Kemudian Rasulullah SAW memerintahkan sahabatnya untuk menyediakan sarana istirahat dan perbekalan hidup bagi orang tua itu dari baitul mal, agar dia tidak merasa terbebani dan mengalami kesusahan.

Pemuda itu merasa senang dan gembira setelah pergi dari hadapan Rasulullah SAW. Itu dikarenakan dia berhasil lepas dari tanggung jawab mengurusi ayahnya, tetapi tidak tahu bahwa penolakannya terhadap nasihat Rasulullah SAW kepadanya itu akan membawanya pada kesengsaraan di dunia dan akhirat.

Tak lama kemudian, ketika waktu penjualan kurma yang ada di gudang tiba dan membuka pintu gudang itu, tiba-tiba dia dikejutkan oleh ulat yang telah merusak semua kurma yang akan dijualnya kepada konsumen; yang tersisa hanyalah biji-bijinya dan gudang itu pun lebih pantas dijadikan kayu bakar ketimbang harus dijual kepada orang lain.

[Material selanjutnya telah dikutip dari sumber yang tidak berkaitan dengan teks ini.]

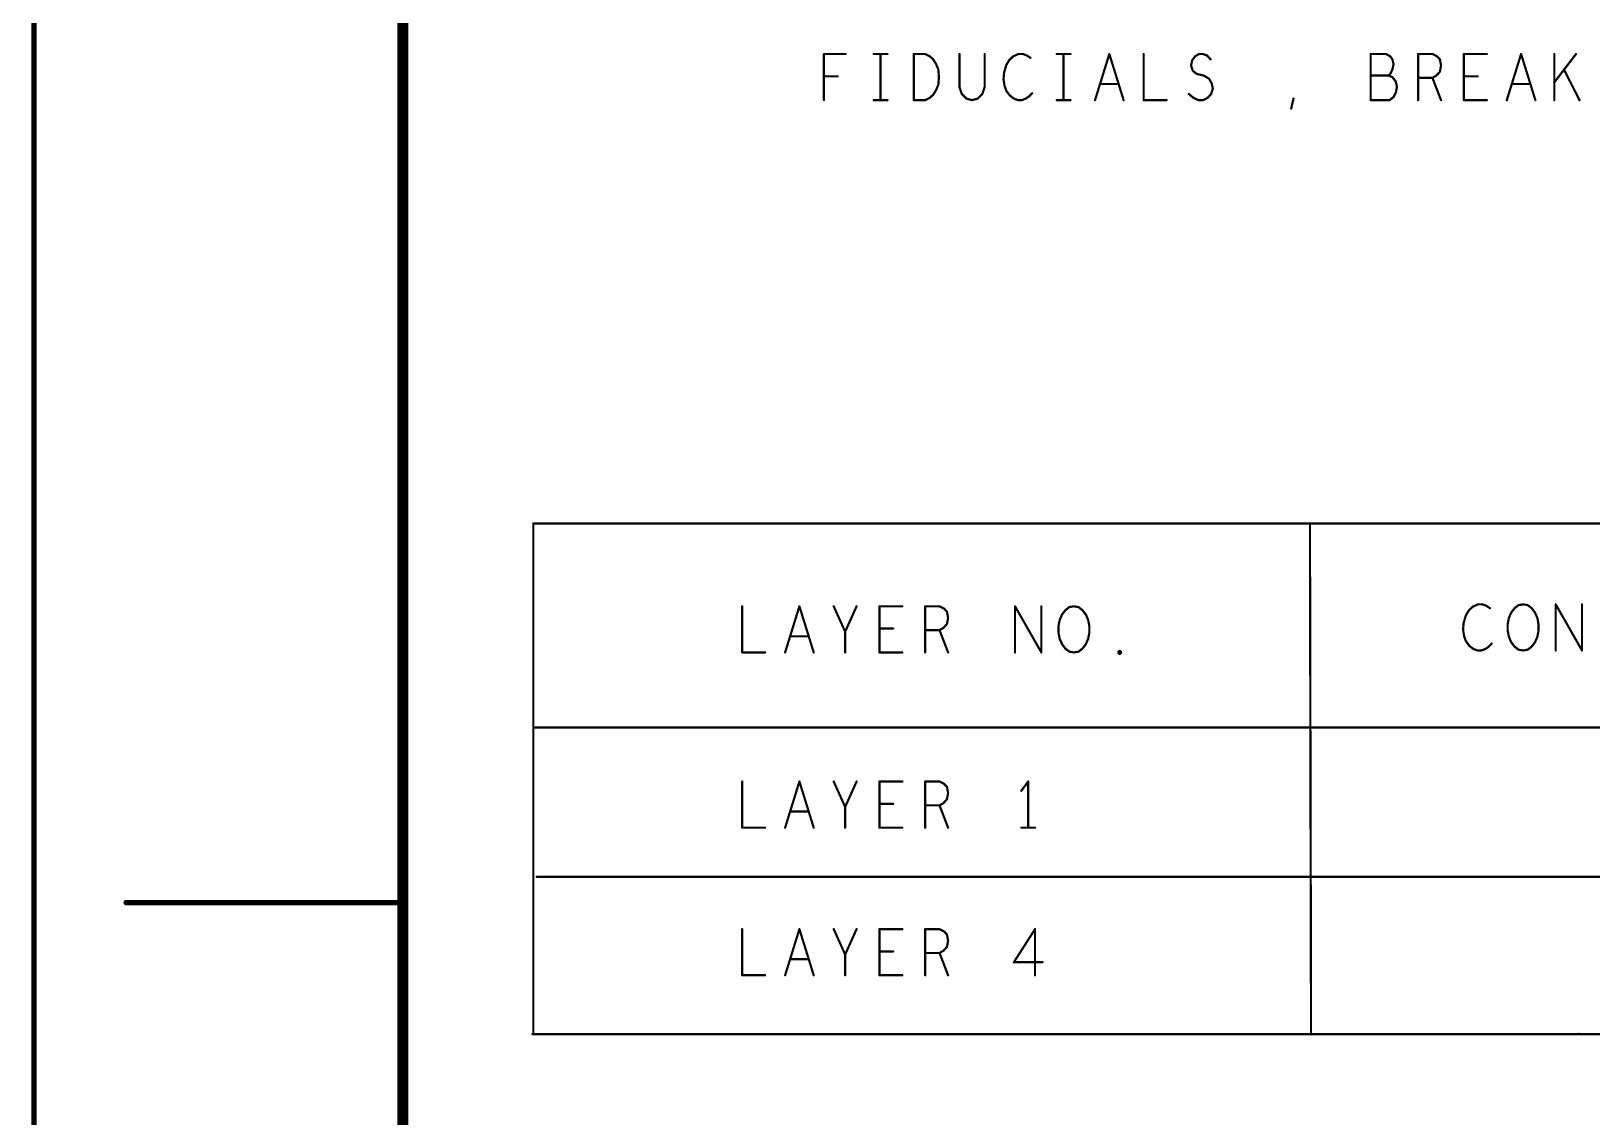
# Model space of a CAD drawing. Extents: x -18 to 16.1, y -6.6 to 15.5.
# Drawn here: x -17.957 to -13.728, y 3.872 to 6.815 of the extents above; entities that cross this region are included whole.
import ezdxf

# ---------------------------------------------------------------- set-up
doc = ezdxf.new("R2010")
doc.units = 0
doc.layers.get('0').update_dxf_attribs({"linetype": 'CONTINUOUS'})
doc.layers.add('FAB', color=13, linetype='CONTINUOUS')

# ---------------------------------------------------------------- blocks, each defined once
blk = doc.blocks.new('ROUND_1')
at = {"const_width": 0.003}
blk.add_lwpolyline([(-0.0015, 0, 1), (0.0015, 0, 1)], format="xyb", close=True, dxfattribs=at)
blk = doc.blocks.new('ROUND_13')
at = {"const_width": 0.0075}
blk.add_lwpolyline([(-0.00375, 0, 1), (0.00375, 0, 1)], format="xyb", close=True, dxfattribs=at)

msp = doc.modelspace()

# ---------------------------------------------------------------- linework, layer by layer
at = {"layer": 'FAB'}
for points, const_width in [([(-17.9499, -6.5473), (-17.9499, 15.4527)], 0.015), ([(-16.9499, 14.9527), (-16.9499, -6.0473)], 0.03), ([(-15.8089, 6.6277), (-15.8089, 6.7527)], 0.006), ([(-15.8089, 6.7527), (-15.75, 6.7527)], 0.006), ([(-15.674, 6.7527), (-15.6368, 6.7527)], 0.006), ([(-15.6554, 6.7527), (-15.6554, 6.6277)], 0.006), ([(-15.5655, 6.6277), (-15.5655, 6.7527)], 0.006), ([(-15.5655, 6.7527), (-15.5345, 6.7527)], 0.006), ([(-15.5345, 6.7527), (-15.5221, 6.7465)], 0.006), ([(-15.5221, 6.7465), (-15.5128, 6.7382)], 0.006), ([(-15.5128, 6.7382), (-15.5051, 6.7257)], 0.006), ([(-15.5051, 6.7257), (-15.4989, 6.7111)], 0.006), ([(-15.4415, 6.7527), (-15.4415, 6.6632)], 0.006), ([(-15.3733, 6.6632), (-15.3733, 6.7527)], 0.006), ([(-15.3144, 6.7236), (-15.3206, 6.7027)], 0.006), ([(-15.3067, 6.7361), (-15.3144, 6.7236)], 0.006), ([(-15.2958, 6.7465), (-15.3067, 6.7361)], 0.006), ([(-15.2819, 6.7527), (-15.2958, 6.7465)], 0.006), ([(-15.2695, 6.7527), (-15.2819, 6.7527)], 0.006), ([(-15.2586, 6.7486), (-15.2695, 6.7527)], 0.006), ([(-15.2493, 6.7423), (-15.2586, 6.7486)], 0.006), ([(-15.178, 6.7527), (-15.1408, 6.7527)], 0.006), ([(-15.1594, 6.7527), (-15.1594, 6.6277)], 0.006), ([(-15.0742, 6.6277), (-15.0354, 6.7527)], 0.006), ([(-15.0354, 6.7527), (-14.9967, 6.6277)], 0.006), ([(-14.9424, 6.7527), (-14.9424, 6.6277)], 0.006), ([(-14.8138, 6.7215), (-14.8107, 6.7361)], 0.006), ([(-14.8107, 6.7361), (-14.8029, 6.7465)], 0.006), ([(-14.8029, 6.7465), (-14.7921, 6.7527)], 0.006), ([(-14.7921, 6.7527), (-14.7812, 6.7527)], 0.006), ([(-14.7812, 6.7527), (-14.7704, 6.7486)], 0.006), ([(-14.7704, 6.7486), (-14.7611, 6.7382)], 0.006), ([(-14.2852, 6.7527), (-14.3271, 6.7527)], 0.006), ([(-14.3271, 6.7527), (-14.3271, 6.6277)], 0.006), ([(-14.2744, 6.7465), (-14.2852, 6.7527)], 0.006), ([(-14.2682, 6.7382), (-14.2744, 6.7465)], 0.006), ([(-14.2651, 6.7257), (-14.2682, 6.7382)], 0.006), ([(-14.2682, 6.7111), (-14.2651, 6.7257)], 0.006), ([(-14.1984, 6.6277), (-14.1984, 6.7527)], 0.006), ([(-14.1984, 6.7527), (-14.1597, 6.7527)], 0.006), ([(-14.1597, 6.7527), (-14.1473, 6.7465)], 0.006), ([(-14.1473, 6.7465), (-14.1395, 6.7382)], 0.006), ([(-14.1395, 6.7382), (-14.1364, 6.7215)], 0.006), ([(-14.0744, 6.6277), (-14.0744, 6.7527)], 0.006), ([(-14.0744, 6.7527), (-14.0124, 6.7527)], 0.006), ([(-13.9582, 6.6277), (-13.9194, 6.7527)], 0.006), ([(-13.9194, 6.7527), (-13.8807, 6.6277)], 0.006), ([(-13.8295, 6.6277), (-13.8295, 6.7527)], 0.006), ([(-13.7706, 6.7527), (-13.8295, 6.6757)], 0.006), ([(-15.7717, 6.6923), (-15.8089, 6.6923)], 0.006), ([(-15.4989, 6.7111), (-15.4973, 6.6902)], 0.006), ([(-15.4973, 6.6902), (-15.4989, 6.6694)], 0.006), ([(-15.3206, 6.7027), (-15.3222, 6.684)], 0.006), ([(-15.3222, 6.684), (-15.3191, 6.6652)], 0.006), ([(-14.8091, 6.7069), (-14.8138, 6.7215)], 0.006), ([(-14.7983, 6.6986), (-14.8091, 6.7069)], 0.006), ([(-14.7797, 6.6944), (-14.7983, 6.6986)], 0.006), ([(-14.7657, 6.6861), (-14.7797, 6.6944)], 0.006), ([(-14.758, 6.6736), (-14.7657, 6.6861)], 0.006), ([(-14.279, 6.6944), (-14.3271, 6.6944)], 0.006), ([(-14.279, 6.6944), (-14.2728, 6.7007)], 0.006), ([(-14.2682, 6.6902), (-14.279, 6.6944)], 0.006), ([(-14.2728, 6.7007), (-14.2682, 6.7111)], 0.006), ([(-14.2589, 6.6777), (-14.2682, 6.6902)], 0.006), ([(-14.1597, 6.6882), (-14.1984, 6.6882)], 0.006), ([(-14.1488, 6.6944), (-14.1597, 6.6882)], 0.006), ([(-14.1597, 6.6882), (-14.1364, 6.6277)], 0.006), ([(-14.1395, 6.7048), (-14.1488, 6.6944)], 0.006), ([(-14.1364, 6.7215), (-14.1395, 6.7048)], 0.006), ([(-14.0372, 6.6923), (-14.0744, 6.6923)], 0.006), ([(-13.7613, 6.6277), (-13.8032, 6.7111)], 0.006), ([(-15.5128, 6.6423), (-15.5221, 6.634)], 0.006), ([(-15.5051, 6.6548), (-15.5128, 6.6423)], 0.006), ([(-15.4989, 6.6694), (-15.5051, 6.6548)], 0.006), ([(-15.4415, 6.6632), (-15.4353, 6.6444)], 0.006), ([(-15.4353, 6.6444), (-15.4229, 6.6319)], 0.006), ([(-15.3919, 6.6319), (-15.3795, 6.6444)], 0.006), ([(-15.3795, 6.6444), (-15.3733, 6.6632)], 0.006), ([(-15.3191, 6.6652), (-15.3144, 6.6527)], 0.006), ([(-15.3144, 6.6527), (-15.3051, 6.6402)], 0.006), ([(-15.3051, 6.6402), (-15.2943, 6.6319)], 0.006), ([(-15.2617, 6.6319), (-15.2524, 6.6382)], 0.006), ([(-15.2524, 6.6382), (-15.2447, 6.6465)], 0.006), ([(-15.0106, 6.6715), (-15.0602, 6.6715)], 0.006), ([(-14.82, 6.6444), (-14.8076, 6.634)], 0.006), ([(-14.7688, 6.634), (-14.7595, 6.6444)], 0.006), ([(-14.7595, 6.6444), (-14.7549, 6.659)], 0.006), ([(-14.7549, 6.659), (-14.758, 6.6736)], 0.006), ([(-14.2651, 6.6361), (-14.2589, 6.6486)], 0.006), ([(-14.2558, 6.6632), (-14.2589, 6.6777)], 0.006), ([(-14.2589, 6.6486), (-14.2558, 6.6632)], 0.006), ([(-13.8946, 6.6715), (-13.9442, 6.6715)], 0.006), ([(-15.674, 6.6277), (-15.6368, 6.6277)], 0.006), ([(-15.5345, 6.6277), (-15.5655, 6.6277)], 0.006), ([(-15.5221, 6.634), (-15.5345, 6.6277)], 0.006), ([(-15.4229, 6.6319), (-15.4074, 6.6277)], 0.006), ([(-15.4074, 6.6277), (-15.3919, 6.6319)], 0.006), ([(-15.2943, 6.6319), (-15.2834, 6.6277)], 0.006), ([(-15.2834, 6.6277), (-15.2726, 6.6277)], 0.006), ([(-15.2726, 6.6277), (-15.2617, 6.6319)], 0.006), ([(-15.178, 6.6277), (-15.1408, 6.6277)], 0.006), ([(-14.9424, 6.6277), (-14.8804, 6.6277)], 0.006), ([(-14.8076, 6.634), (-14.7936, 6.6277)], 0.006), ([(-14.7936, 6.6277), (-14.7812, 6.6277)], 0.006), ([(-14.7812, 6.6277), (-14.7688, 6.634)], 0.006), ([(-14.5425, 6.6048), (-14.5363, 6.6319)], 0.006), ([(-14.3271, 6.6277), (-14.2759, 6.6277)], 0.006), ([(-14.2759, 6.6277), (-14.2651, 6.6361)], 0.006), ([(-14.0124, 6.6277), (-14.0744, 6.6277)], 0.006), ([(-6.1816, 5.4804), (-16.5966, 5.4804)], 0.006), ([(-16.5966, 5.4804), (-16.5966, 4.0994)], 0.006), ([(-14.4917, 5.4808), (-14.4887, 4.0953)], 0.006), ([(-16.0304, 5.2558), (-16.0304, 5.1308)], 0.006), ([(-15.9141, 5.1308), (-15.8754, 5.2558)], 0.006), ([(-15.8754, 5.2558), (-15.8366, 5.1308)], 0.006), ([(-15.7514, 5.187), (-15.7824, 5.2558)], 0.006), ([(-15.7204, 5.2558), (-15.7514, 5.187)], 0.006), ([(-15.6584, 5.1308), (-15.6584, 5.2558)], 0.006), ([(-15.6584, 5.2558), (-15.5964, 5.2558)], 0.006), ([(-15.5344, 5.1308), (-15.5344, 5.2558)], 0.006), ([(-15.5344, 5.2558), (-15.4956, 5.2558)], 0.006), ([(-15.4956, 5.2558), (-15.4832, 5.2495)], 0.006), ([(-15.4832, 5.2495), (-15.4755, 5.2412)], 0.006), ([(-15.291, 5.1308), (-15.291, 5.2558)], 0.006), ([(-15.291, 5.2558), (-15.2197, 5.1308)], 0.006), ([(-15.2197, 5.1308), (-15.2197, 5.2558)], 0.006), ([(-15.1639, 5.2329), (-15.1546, 5.2453)], 0.006), ([(-15.1546, 5.2453), (-15.1438, 5.2537)], 0.006), ([(-15.1438, 5.2537), (-15.1314, 5.2558)], 0.006), ([(-15.1314, 5.2558), (-15.119, 5.2537)], 0.006), ([(-15.119, 5.2537), (-15.1081, 5.2453)], 0.006), ([(-15.1081, 5.2453), (-15.0988, 5.2329)], 0.006), ([(-14.0612, 5.2444), (-14.0689, 5.2319)], 0.006), ([(-14.0503, 5.2548), (-14.0612, 5.2444)], 0.006), ([(-14.0364, 5.2611), (-14.0503, 5.2548)], 0.006), ([(-14.024, 5.2611), (-14.0364, 5.2611)], 0.006), ([(-14.0131, 5.2569), (-14.024, 5.2611)], 0.006), ([(-14.0038, 5.2507), (-14.0131, 5.2569)], 0.006), ([(-13.9465, 5.2382), (-13.9372, 5.2507)], 0.006), ([(-13.9372, 5.2507), (-13.9263, 5.259)], 0.006), ([(-13.9263, 5.259), (-13.9139, 5.2611)], 0.006), ([(-13.9139, 5.2611), (-13.9015, 5.259)], 0.006), ([(-13.9015, 5.259), (-13.8907, 5.2507)], 0.006), ([(-13.8907, 5.2507), (-13.8814, 5.2382)], 0.006), ([(-13.8256, 5.1361), (-13.8256, 5.2611)], 0.006), ([(-13.8256, 5.2611), (-13.7543, 5.1361)], 0.006), ([(-13.7543, 5.1361), (-13.7543, 5.2611)], 0.006), ([(-15.4755, 5.2079), (-15.4848, 5.1974)], 0.006), ([(-15.4755, 5.2412), (-15.4724, 5.2245)], 0.006), ([(-15.4724, 5.2245), (-15.4755, 5.2079)], 0.006), ([(-15.1732, 5.2016), (-15.1701, 5.2183)], 0.006), ([(-15.1732, 5.1849), (-15.1732, 5.2016)], 0.006), ([(-15.1701, 5.2183), (-15.1639, 5.2329)], 0.006), ([(-15.0988, 5.2329), (-15.0926, 5.2183)], 0.006), ([(-15.0926, 5.2183), (-15.0895, 5.2016)], 0.006), ([(-15.0895, 5.2016), (-15.0895, 5.1849)], 0.006), ([(-14.0751, 5.2111), (-14.0767, 5.1923)], 0.006), ([(-14.0689, 5.2319), (-14.0751, 5.2111)], 0.006), ([(-13.9558, 5.2069), (-13.9527, 5.2236)], 0.006), ([(-13.9558, 5.1902), (-13.9558, 5.2069)], 0.006), ([(-13.9527, 5.2236), (-13.9465, 5.2382)], 0.006), ([(-13.8814, 5.2382), (-13.8752, 5.2236)], 0.006), ([(-13.8752, 5.2236), (-13.8721, 5.2069)], 0.006), ([(-13.8721, 5.2069), (-13.8721, 5.1902)], 0.006), ([(-15.8506, 5.1745), (-15.9002, 5.1745)], 0.006), ([(-15.7514, 5.1308), (-15.7514, 5.187)], 0.006), ([(-15.6212, 5.1954), (-15.6584, 5.1954)], 0.006), ([(-15.4956, 5.1912), (-15.5344, 5.1912)], 0.006), ([(-15.4848, 5.1974), (-15.4956, 5.1912)], 0.006), ([(-15.4956, 5.1912), (-15.4724, 5.1308)], 0.006), ([(-15.1701, 5.1683), (-15.1732, 5.1849)], 0.006), ([(-15.1639, 5.1537), (-15.1701, 5.1683)], 0.006), ([(-15.0926, 5.1683), (-15.0988, 5.1537)], 0.006), ([(-15.0895, 5.1849), (-15.0926, 5.1683)], 0.006), ([(-14.0767, 5.1923), (-14.0736, 5.1736)], 0.006), ([(-14.0736, 5.1736), (-14.0689, 5.1611)], 0.006), ([(-14.0689, 5.1611), (-14.0596, 5.1486)], 0.006), ([(-13.9527, 5.1736), (-13.9558, 5.1902)], 0.006), ([(-13.9465, 5.159), (-13.9527, 5.1736)], 0.006), ([(-13.9372, 5.1465), (-13.9465, 5.159)], 0.006), ([(-13.8814, 5.159), (-13.8907, 5.1465)], 0.006), ([(-13.8752, 5.1736), (-13.8814, 5.159)], 0.006), ([(-13.8721, 5.1902), (-13.8752, 5.1736)], 0.006), ([(-16.0304, 5.1308), (-15.9684, 5.1308)], 0.006), ([(-15.5964, 5.1308), (-15.6584, 5.1308)], 0.006), ([(-15.1546, 5.1412), (-15.1639, 5.1537)], 0.006), ([(-15.1438, 5.1329), (-15.1546, 5.1412)], 0.006), ([(-15.1314, 5.1308), (-15.1438, 5.1329)], 0.006), ([(-15.119, 5.1329), (-15.1314, 5.1308)], 0.006), ([(-15.1081, 5.1412), (-15.119, 5.1329)], 0.006), ([(-15.0988, 5.1537), (-15.1081, 5.1412)], 0.006), ([(-15.0105, 5.1329), (-15.0074, 5.1349)], 0.006), ([(-15.0105, 5.1287), (-15.0105, 5.1329)], 0.006), ([(-15.0074, 5.1266), (-15.0105, 5.1287)], 0.006), ([(-15.0074, 5.1349), (-15.0043, 5.1329)], 0.006), ([(-15.0043, 5.1287), (-15.0074, 5.1266)], 0.006), ([(-15.0043, 5.1329), (-15.0043, 5.1287)], 0.006), ([(-14.0596, 5.1486), (-14.0488, 5.1402)], 0.006), ([(-14.0488, 5.1402), (-14.0379, 5.1361)], 0.006), ([(-14.0379, 5.1361), (-14.0271, 5.1361)], 0.006), ([(-14.0271, 5.1361), (-14.0162, 5.1402)], 0.006), ([(-14.0162, 5.1402), (-14.0069, 5.1465)], 0.006), ([(-14.0069, 5.1465), (-13.9992, 5.1548)], 0.006), ([(-13.9263, 5.1382), (-13.9372, 5.1465)], 0.006), ([(-13.9139, 5.1361), (-13.9263, 5.1382)], 0.006), ([(-13.9015, 5.1382), (-13.9139, 5.1361)], 0.006), ([(-13.8907, 5.1465), (-13.9015, 5.1382)], 0.006), ([(-16.5934, 4.9274), (-6.1804, 4.9274)], 0.006), ([(-16.0304, 4.7808), (-16.0304, 4.6558)], 0.006), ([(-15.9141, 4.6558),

Dan beberapa hari kemudian ketika tiba saatnya menjual gandum yang ada di lumbung, tiba-tiba semua gandumnya diserang oleh serangga kecil yang merusak semuanya. Hewan kecil itu hanya menyisakan batang gandumnya saja. Akibat banyaknya ulat yang menempel, gandum itu menjadi sangat bau; bahkan hewan pun tidak mau memakannya. Karena itu, dia terpaksa menanggung semua kerugian tersebut dan mengeluarkan biaya yang sangat besar; akhirnya semua gandum itu dibuang ke gurun.

Semua kejadian yang menimpanya itu tetap tak membuatnya jera dan sadar untuk meminta maaf kepada ayahnya, sehingga mendoakannya agar tidak lagi beroleh kerugian seperti itu lagi. Beberapa hari setelah kejadian, pemuda itu jatuh sakit. Ketika hendak mengambil uang simpanannya untuk berobat, Allah mengubahnya menjadi lempengan-lempengan tembikar sehingga tak punya uang lagi untuk berobat.

Hari demi hari penyakitnya semakin parah dan seluruh kawannya tahu bahwa kemisikinan dan penyakit yang dideritanya itu akibat kedurhakaan kepada ayahnya. Karena itu, mereka semua menjauhinya. Dua tahun kemudian, tubuhnya hanya tersisa kulit yang menempel di tulang saja. Dia melangkah di pinggir jalan sambil bertumpu pada sebuah tongkat dan meminta pertolongan kepada semua orang.

Rasulullah SAW yang ketika itu sedang berjalan di pinggiran jalan bersama sebagian sahabatnya melihat pemuda itu sedang duduk di pinggir gang dengan kondisi yang sangat mengenaskan. Beliau SAW menoleh kepada sahabatnya seraya berkata, “ Hai orang-orang yang durhaka kepada ayah dan ibunya, ambillah pelajaran dari orang ini. Inilah ganti daripada mendapatkan kedudukan dan posisi di surga, dan (yang merasa) mampu membeli surga dengan perantara harta dan posisi yang pernah dimilikinya. Tetapi ketahuilah, tidak lama lagi pemuda ini akan meninggal dunia dan masuk ke neraka Jahanam.”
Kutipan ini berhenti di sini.